19 See Securities and Exchange Commission, Internationalization of the Securities Markets, at 11-73 (1987).

20 See, e.g., Grunenthal GmbH v. Hotz, 712 F.2d 421 (9th Cir. 1983) (holding that alleged misrepresentations during execution of agreement in United States confers U.S. securities law jurisdiction, even though transaction had no other contacts with United States); Kohn v. American Metal Climax, Inc., 458 F.2d 255 (3d Cir.), cert, denied, 409 U.S. 874 (1972) (accepting jurisdiction over claim that disclosure accompanying Zambian merger was inadequate, despite prior holding to the contrary by Zambian court).

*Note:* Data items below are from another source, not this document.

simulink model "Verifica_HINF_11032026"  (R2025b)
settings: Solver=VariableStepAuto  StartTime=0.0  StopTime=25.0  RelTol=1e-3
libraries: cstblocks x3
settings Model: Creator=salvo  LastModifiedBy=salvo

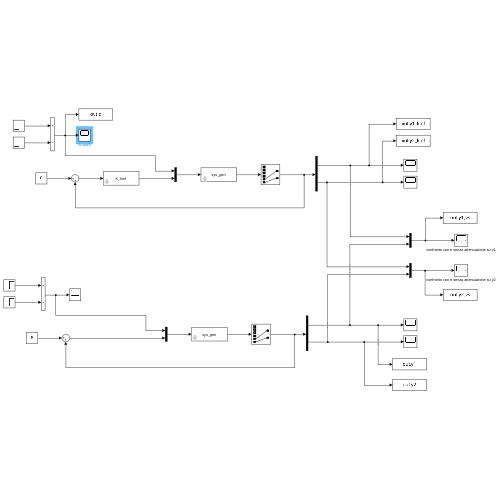
[thumbnail: Simulink's stored preview of the top-level diagram]
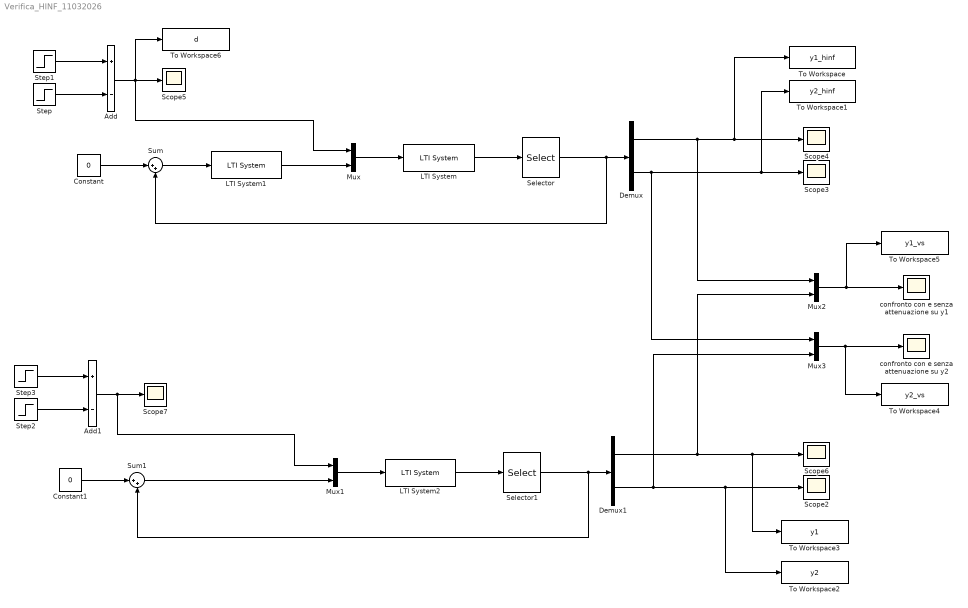
== system Verifica_HINF_11032026 ==
  Add : Sum  Inputs=+-
  Add1 : Sum  Inputs=+-
  Constant : Constant  Value=0
  Constant1 : Constant  Value=0
  Demux : Demux  Outputs=2
  Demux1 : Demux  Outputs=2
  LTI System : cstblocks/LTI System  sys=sys_gen  IC=[]  PadeOrder=0
  LTI System1 : cstblocks/LTI System  sys=K_hinf  IC=[]  PadeOrder=0
  LTI System2 : cstblocks/LTI System  sys=sys_gen  IC=[]  PadeOrder=0
  Mux{,1..3} (4 alike) : Mux  Inputs=2
  Scope{2..7} (6 alike) : Scope
      Scope2 settings: ActiveDisplayYMinimum=-2.2930353132593959  ActiveDisplayYMaximum=2.7558317357774578
      Scope3 settings: ActiveDisplayYMinimum=-2.2930353132593959  ActiveDisplayYMaximum=2.7558317357774578  DataLoggingVariableName=ScopeData2
      Scope4 settings: ActiveDisplayYMinimum=-0.60313892615814235  ActiveDisplayYMaximum=2.1769794267283817  DataLoggingVariableName=ScopeData3
      Scope5 settings: ActiveDisplayYMinimum=-6.2499999999999982  ActiveDisplayYMaximum=56.25  DataLoggingVariableName=ScopeData4
      Scope6 settings: ActiveDisplayYMinimum=-1.5651824919841739  ActiveDisplayYMaximum=0.1396281134462779  DataLoggingVariableName=ScopeData5
      Scope7 settings: ActiveDisplayYMinimum=-16.776057459193559  ActiveDisplayYMaximum=18.401453107193444  DataLoggingVariableName=ScopeData6
  Selector : Selector  InputPortWidth=6  IndexOptions=Index vector (dialog)  Indices=[5 6]  OutputSizes=1
  Selector1 : Selector  InputPortWidth=6  IndexOptions=Index vector (dialog)  Indices=[5 6]  OutputSizes=1
  Step : Step  Time=12  After=50  SampleTime=0
  Step1 : Step  Time=10  After=50  SampleTime=0
  Step2 : Step  Time=12  After=50  SampleTime=0
  Step3 : Step  Time=10  After=50  SampleTime=0
  Sum : Sum  Inputs=|++
  Sum1 : Sum  Inputs=|++
  To Workspace : ToWorkspace  VariableName=y1_hinf  SaveFormat=Timeseries  SampleTime=-1
  To Workspace1 : ToWorkspace  VariableName=y2_hinf  SaveFormat=Timeseries  SampleTime=-1
  To Workspace2 : ToWorkspace  VariableName=y2  SaveFormat=Timeseries  SampleTime=-1
  To Workspace3 : ToWorkspace  VariableName=y1  SaveFormat=Timeseries  SampleTime=-1
  To Workspace4 : ToWorkspace  VariableName=y2_vs  SaveFormat=Timeseries  SampleTime=-1
  To Workspace5 : ToWorkspace  VariableName=y1_vs  SaveFormat=Timeseries  SampleTime=-1
  To Workspace6 : ToWorkspace  VariableName=d  SaveFormat=Timeseries  SampleTime=-1
  confronto con e senza attenuazione su y1 : Scope
      settings: ActiveDisplayYMinimum=-1.6762724162259555  ActiveDisplayYMaximum=3.3658969074793275
  confronto con e senza attenuazione su y2 : Scope
      settings: ActiveDisplayYMinimum=-2.2930353132593959  ActiveDisplayYMaximum=2.7558317357774578  DataLoggingVariableName=ScopeData7
  wires:
  Mux/1 -> LTI System/1
  LTI System1/1 -> Mux/2
  Constant/1 -> Sum/1
  Sum/1 -> LTI System1/1
  LTI System/1 -> Selector/1
  Selector/1 -> Demux/1, Sum/2
  Demux/2 -> To Workspace1/1, Scope3/1, Mux3/1
  Demux/1 -> Scope4/1, To Workspace/1, Mux2/1
  Step/1 -> Add/2
  Step1/1 -> Add/1
  Add/1 -> To Workspace6/1, Scope5/1, Mux/1
  LTI System2/1 -> Selector1/1
  Selector1/1 -> Demux1/1, Sum1/2
  Demux1/1 -> To Workspace3/1, Scope6/1, Mux2/2
  Demux1/2 -> To Workspace2/1, Scope2/1, Mux3/2
  Sum1/1 -> Mux1/2
  Constant1/1 -> Sum1/1
  Step3/1 -> Add1/1
  Step2/1 -> Add1/2
  Mux1/1 -> LTI System2/1
  Add1/1 -> Scope7/1, Mux1/1
  Mux2/1 -> confronto con e senza attenuazione su y1/1, To Workspace5/1
  Mux3/1 -> To Workspace4/1, confronto con e senza attenuazione su y2/1

21 See also DeYoung v. Beddome, 707 F.Supp. 132 (S.D.N.Y. 1989) (Mukasey, J.) (declining to accept jurisdiction over claimed inadequacy in Canadian proxy disclosure, where Canadian court had previously held disclosure adequate). U.S. courts in securities cases for some time have been willing to consider concerns of international comity in resolving discovery issues. See, e.g., Minpeco, S.A. v. Conticommodity Servs., Inc., 116 F.R.D. 517 (S.D.N.Y. 1987) (declining to compel discovery from Swiss banks in violation of Swiss banking secrecy law, where plaintiffs had already obtained a significant amount of discovery, and banks had not acted in bad faith). But see SEC v. Banca della Svizzera Italiana, 92 F.R.D. 111 (S.D.N.Y. 1981) (bank compelled to honor SEC subpoena in insider trading investigation despite bank’s argument that to do so would violate Swiss law).

22 See G. Born & D. Westin, International Civil Litigation in United States Courts 447–65 (1989) (discussing application of comity and jurisdictional rule of reason in antitrust context).

23 See, e.g., Cira, The Challenge of Foreign Laws to Block American Antitrust Actions, 18 Stan. J. Int’l L. 247 (1982); Debate: Extraterritorial Application of U.S. Antitrust Law, 50 Antitrust L.J. 617 (1981); Davidow, Extraterritorial Antitrust and the Concept of Comity, 15 J. World Trade L. 500 (1981).

24 The order of the British Panel on Takeovers and Mergers that Gold Fields drop its U.S. efforts to enjoin the Minorco tender offer recalls similar antisuit, antidiscovery and clawback provisions that other countries have adopted to frustrate U.S. antitrust actions. See Laker Airways v. Sabena, Belgian World Airlines, 731 F.2d 909 (D.C. Cir. 1984); British Airways Bd. v. Laker Airways, 1985 App. Cas. 58 (H.L. (E)); In re Uranium Antitrust Litig., 480 F.Supp. 1138(N.D. Ill. 1979).

25 An indication that such vital U.S. interests were not at stake in the Minorco case is the fact that, while the U.S. government agencies involved in securities and antitrust regulation examined the proposed transaction, none chose to express any objection to the tender offer.